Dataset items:

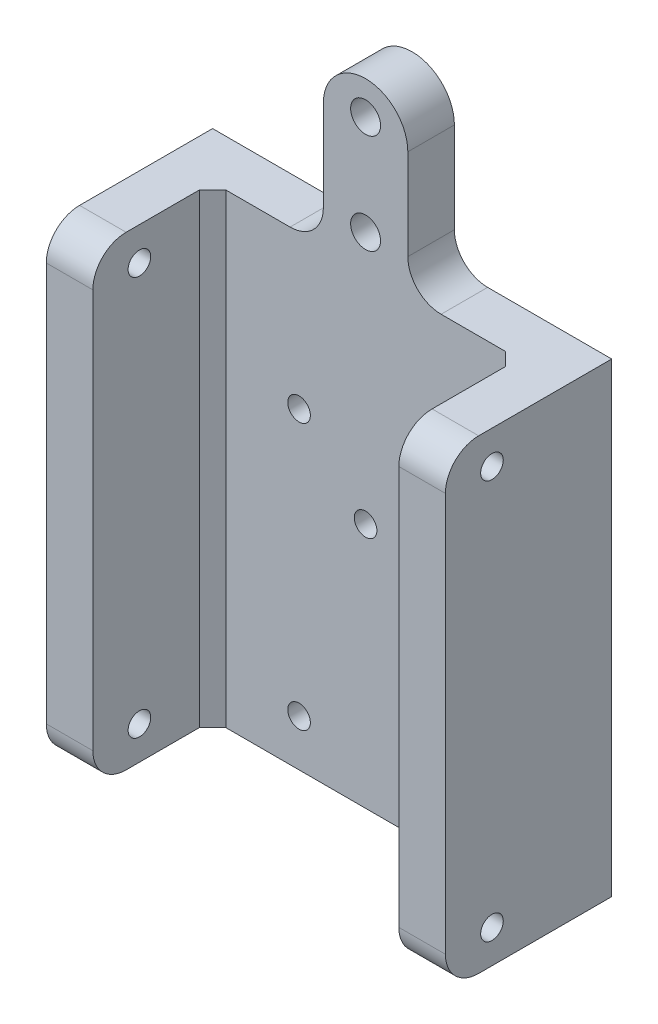
SolidWorks part; units mm, degrees
ref_plane "Front Plane" through (0, 0, 0) normal (0, 0, 1) x (1, 0, 0)
ref_plane "Top Plane" through (0, 0, 0) normal (0, 1, 0) x (1, 0, 0)
ref_plane "Right Plane" through (0, 0, 0) normal (1, 0, 0) x (0, 0, -1)
sketch "Sketch1" plane through (0, 0, 0) normal (0, 1, 0) x (1, 0, 0)
  line L1 (6.35, 3.5) -> (-6.35, 3.5)
  line L2 (6.35, 3.5) -> (6.35, -3.5)
  line L3 (6.35, -3.5) -> (-6.35, -3.5)
  line L4 (-6.35, 3.5) -> (-6.35, -3.5)
  line L5 (6.35, 3.5) -> (-6.35, -3.5) construction
  line L6 (6.35, -3.5) -> (-6.35, 3.5) construction
  point P0 (0, 0)
  dimension "D1" = 7
  dimension "D2" = 12.7
extrude "Boss-Extrude1" add sketch "Sketch1" along normal blind 25
hole_wizard "M4 Clearance Hole1" positions "Sketch2" profile "Sketch3" hole size "M4" standard "ANSI Metric" end condition through all
sketch "Sketch2" plane through (0, 0, 3.5) normal (0, 0, 1) x (1, 0, 0)
  line L0 (-6.35, 0) -> (6.35, 0) construction
  point P0 (0, 5)
  point P2 (0, 20)
  point P7 (0, 0)
  point P8 (0, 0)
  dimension "D1" = 15
  dimension "D2" = 5
sketch "Sketch3" plane through (0, 5, 3.5) normal (1, 0, 0) x (0, -1, 0)
  line L0 (0, 0) -> (0, 7)
  line L1 (0, 7) -> (2.25, 7)
  line L2 (2.25, 7) -> (2.25, 0)
  line L5 (2.25, 0) -> (0, 0)
  line L11 (0, -6.35) -> (0, 107.95) construction
  dimension "Thru Hole Dia." = 4.5
  dimension "Thru Hole Depth" = 7
sketch "Sketch4" plane through (0, 0, 0) normal (0, 1, 0) x (1, 0, 0)
  line L0 (-6.35, -3.5) -> (6.35, -3.5) construction
  line L1 (-23, 3.5) -> (23, 3.5)
  line L2 (-23, 3.5) -> (-23, -3.5)
  line L3 (-23, -3.5) -> (23, -3.5)
  line L4 (23, 3.5) -> (23, -3.5)
  line L5 (0, -3.5) -> (0, 3.5) construction
  line L6 (-23, 0) -> (23, 0) construction
  line L7 (6.35, 3.5) -> (-6.35, 3.5) construction
  point P4 (0, -2.5)
  point P412 (0, 0)
  dimension "D2" = 46
extrude "Boss-Extrude2" add sketch "Sketch4" against normal blind 70
sketch "Sketch5" plane through (0, 0, 0) normal (0, 1, 0) x (1, 0, 0)
  line L0 (0, 0) -> (0, -3.5) construction
  line L1 (-6.35, -3.5) -> (6.35, -3.5) construction
  line L2 (-23, -9) -> (-30, -9) construction
  line L3 (23, 3.5) -> (30, 3.5)
  line L4 (23, 3.5) -> (23, -21.5)
  line L5 (23, -21.5) -> (30, -21.5)
  line L6 (30, 3.5) -> (30, -21.5)
  line L7 (26.5, -21.5) -> (26.5, 3.5) construction
  line L8 (23, -9) -> (30, -9) construction
  line L9 (-26.5, -21.5) -> (-26.5, 3.5) construction
  line L10 (-30, 3.5) -> (-30, -21.5)
  line L11 (-23, -21.5) -> (-30, -21.5)
  line L12 (-23, 3.5) -> (-23, -21.5)
  line L13 (-23, 3.5) -> (-30, 3.5)
  point P17 (-26.5, -9)
  point P261 (26.5, -9)
  dimension "D1" = 25
  dimension "D2" = 7
extrude "Boss-Extrude3" add sketch "Sketch5" against normal blind 70
hole_wizard "M3 Clearance Hole1" positions "Sketch6" profile "Sketch7" hole size "M3" standard "ANSI Metric" end condition through all
sketch "Sketch6" plane through (30, 0, 0) normal (1, 0, 0) x (0, 0, -1)
  line L0 (-21.5, -35) -> (3.5, -35) construction
  line L1 (-21.5, -70) -> (-21.5, 0) construction
  line L2 (3.5, -70) -> (3.5, 0) construction
  line L4 (-3.5, 25) -> (-3.5, 0) construction
  point P0 (-14.5, -5)
  point P2 (-14.5, -65)
  dimension "D1" = 60
  dimension "D2" = 11
sketch "Sketch7" plane through (30, -5, 14.5) normal (0, 1, 0) x (0, 0, -1)
  line L0 (0, 0) -> (0, 60)
  line L1 (0, 60) -> (1.7, 60)
  line L2 (1.7, 60) -> (1.7, 0)
  line L5 (1.7, 0) -> (0, 0)
  line L11 (0, -6.35) -> (0, 107.95) construction
  dimension "Thru Hole Dia." = 3.4
  dimension "Thru Hole Depth" = 60
hole_wizard "M3 Clearance Hole2" positions "Sketch8" profile "Sketch9" hole size "M3" standard "ANSI Metric" end condition through all
sketch "Sketch8" plane through (0, 0, -3.5) normal (0, 0, -1) x (-1, 0, 0)
  point P0 (-10, -23)
  point P2 (10, -23)
  point P5 (0, -33)
  point P8 (-10, -63)
  point P11 (10, -63)
  point P15 (-10, -23)
sketch "Sketch9" plane through (10, -23, -3.5) normal (1, 0, 0) x (0, 1, 0)
  line L0 (0, 0) -> (0, 25)
  line L1 (0, 25) -> (1.7, 25)
  line L2 (1.7, 25) -> (1.7, 0)
  line L5 (1.7, 0) -> (0, 0)
  line L11 (0, -6.35) -> (0, 107.95) construction
  dimension "Thru Hole Dia." = 3.4
  dimension "Thru Hole Depth" = 25
fillet "Fillet1" 2 edges at (-6.35, 25, 0) (6.35, 25, 0) type full round first side face at (-6.35, 12.5, 0) second side face at (6.35, 12.5, 0) middle face at (0, 25, 0)
fillet "Fillet2" radius 5 6 edges at (26.5, -70, 21.5) (-26.5, -70, 21.5) (-26.5, 0, 21.5) (26.5, 0, 21.5) (-6.35, 0, 0) (6.35, 0, 0)
fillet "Fillet3" [suppressed] radius 7 profile chamfer
fillet "Fillet4" radius 2 2 edges at (23, -35, 3.5) (-23, -35, 3.5) profile chamfer
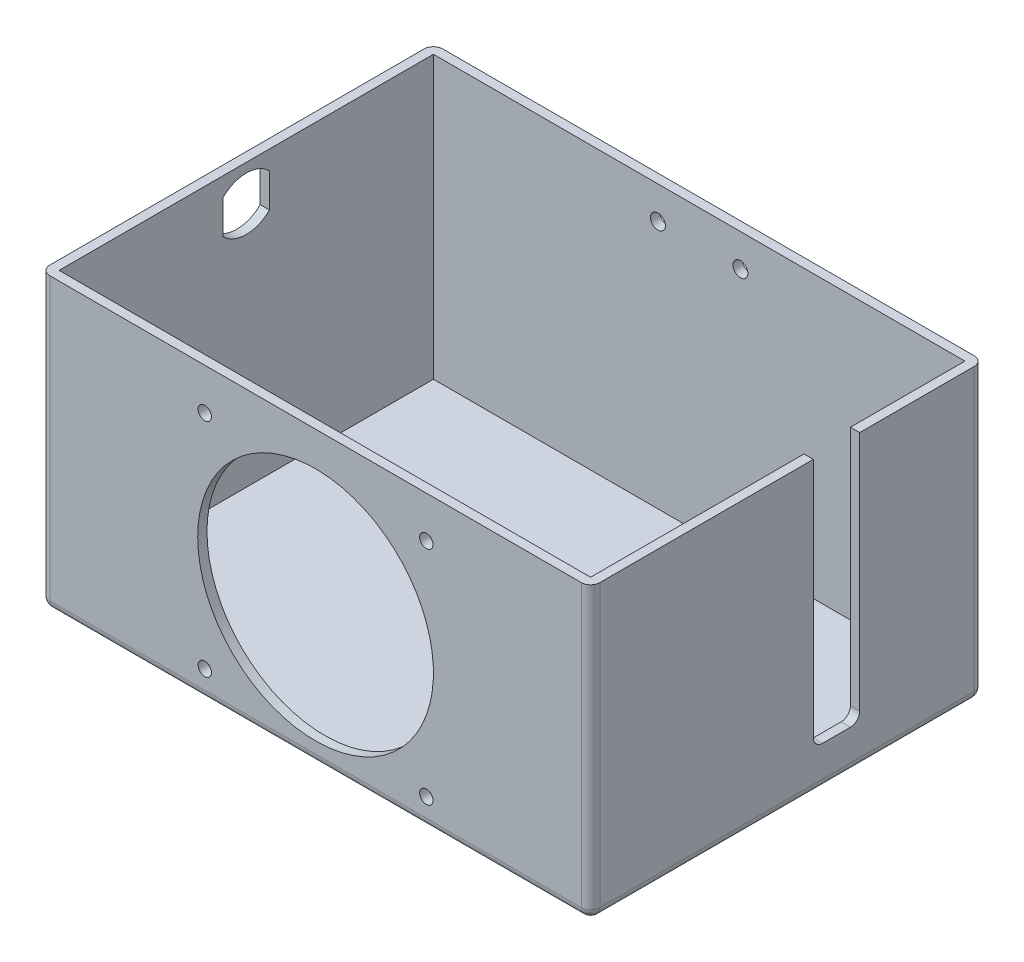
SolidWorks part; units mm, degrees
ref_plane "Front Plane" through (0, 0, 0) normal (0, 0, 1) x (1, 0, 0)
ref_plane "Top Plane" through (0, 0, 0) normal (0, 1, 0) x (1, 0, 0)
ref_plane "Right Plane" through (0, 0, 0) normal (1, 0, 0) x (0, 0, -1)
ref_plane "Plane1" through (0, 93.98, 0) normal (0, 1, 0) x (1, 0, 0)
sketch "Sketch1" plane through (0, 93.98, 0) normal (0, 1, 0) x (1, 0, 0)
  line L0 (-88.9, -63.5) -> (88.9, -63.5)
  line L1 (88.9, -63.5) -> (88.9, 63.5)
  line L2 (88.9, 63.5) -> (-88.9, 63.5)
  line L3 (-88.9, 63.5) -> (-88.9, -63.5)
extrude "Boss-Extrude1" add sketch "Sketch1" against normal blind 93.98
sketch "Sketch2" plane through (0, 93.98, 0) normal (0, 1, 0) x (-1, 0, 0)
  line L0 (85.9, 60.5) -> (-85.9, 60.5)
  line L1 (-85.9, 60.5) -> (-85.9, -60.5)
  line L2 (-85.9, -60.5) -> (85.9, -60.5)
  line L3 (85.9, -60.5) -> (85.9, 60.5)
extrude "Cut-Extrude1" cut sketch "Sketch2" against normal blind 90.98
sketch "Sketch3" plane through (85.9, 0, 0) normal (-1, 0, 0) x (0, 0, 1)
  line L0 (-23.5, 93.98) -> (-23.5, 13)
  line L1 (-23.5, 13) -> (-8.5, 13)
  line L2 (-8.5, 13) -> (-8.5, 93.98)
  line L3 (-8.5, 93.98) -> (-23.5, 93.98)
extrude "Cut-Extrude2" cut sketch "Sketch3" against normal through all
sketch "Sketch4" plane through (-85.9, 0, 0) normal (1, 0, 0) x (0, 0, -1)
  line L0 (7.5, 76.8734) -> (7.5, 87.8734)
  line L1 (-7.5, 87.8734) -> (-7.5, 76.8734)
  arc A0 (-7.5, 76.8734) -> (7.5, 76.8734) centre (0, 84.3734) ccw
  arc A1 (7.5, 87.8734) -> (-7.5, 87.8734) centre (0, 80.3734) ccw
extrude "Cut-Extrude3" cut sketch "Sketch4" against normal through all
hole_wizard "M4 Clearance Hole1" positions "Sketch6" profile "Sketch5" hole size "M4" standard "ANSI Metric"
sketch "Sketch6" plane through (0, 0, 60.5) normal (0, 0, -1) x (-1, 0, 0)
  point P0 (35.809, 80.604)
  point P1 (-35.809, 8.986)
  point P2 (35.809, 8.986)
  point P3 (-35.809, 80.604)
sketch "Sketch5" plane through (-35.809, 80.604, 60.5) normal (1, 0, 0) x (0, 1, 0)
  line L0 (0, 0) -> (0, 3)
  line L1 (0, 3) -> (2.159, 3)
  line L2 (2.159, 3) -> (2.159, 0)
  line L5 (2.159, 0) -> (0, 0)
  line L11 (0, -6.35) -> (0, 107.95) construction
  dimension "Thru Hole Dia." = 4.318
  dimension "Thru Hole Depth" = 3
hole_wizard "M72 Clearance Hole1" positions "Sketch8" profile "Sketch7" hole size "M72" standard "ANSI Metric"
sketch "Sketch8" plane through (0, 0, 60.5) normal (0, 0, -1) x (-1, 0, 0)
  point P0 (0, 44.795)
sketch "Sketch7" plane through (0, 44.795, 60.5) normal (1, 0, 0) x (0, 1, 0)
  line L0 (0, 0) -> (0, 3)
  line L1 (0, 3) -> (38.1, 3)
  line L2 (38.1, 3) -> (38.1, 0)
  line L5 (38.1, 0) -> (0, 0)
  line L11 (0, -6.35) -> (0, 107.95) construction
  dimension "Thru Hole Dia." = 76.2
  dimension "Thru Hole Depth" = 3
fillet "Fillet1" radius 3 10 edges at (88.9, 46.99, 63.5) (-88.9, 46.99, 63.5) (0, 0, 63.5) (-88.9, 46.99, -63.5) (88.9, 0, 0) (88.9, 46.99, -63.5) (-88.9, 0, 0) (0, 0, -63.5) (87.4, 13, -23.5) (87.4, 13, -8.5) tangent propagation no
sketch "Sketch9" plane through (0, 0, -63.5) normal (0, 0, -1) x (-1, 0, 0)
  line L0 (0, 0) -> (0, 93.98) construction
  line L1 (-19.05, 93.98) -> (19.05, 93.98)
  line L5 (55, 93.98) -> (-55, 93.98) construction
  circle A0 centre (-13.335, 83.439) radius 2.413
  circle A1 centre (13.335, 83.439) radius 2.413
  point P9 (0, 93.98)
  dimension "D5" = 4.826
extrude "Cut-Extrude4" cut sketch "Sketch9" against normal up to surface (3 mm away) contours A1 | A0 up to face at (0, 48.49, -60.5)

Task item: Wherever the string "blind" appears in the records, copy the whole line.

Result:
extrude "Boss-Extrude1" add sketch "Sketch1" along normal blind 25
extrude "Boss-Extrude2" add sketch "Sketch4" against normal blind 70
extrude "Boss-Extrude3" add sketch "Sketch5" against normal blind 70
extrude "Boss-Extrude1" add sketch "Sketch1" against normal blind 93.98
extrude "Cut-Extrude1" cut sketch "Sketch2" against normal blind 90.98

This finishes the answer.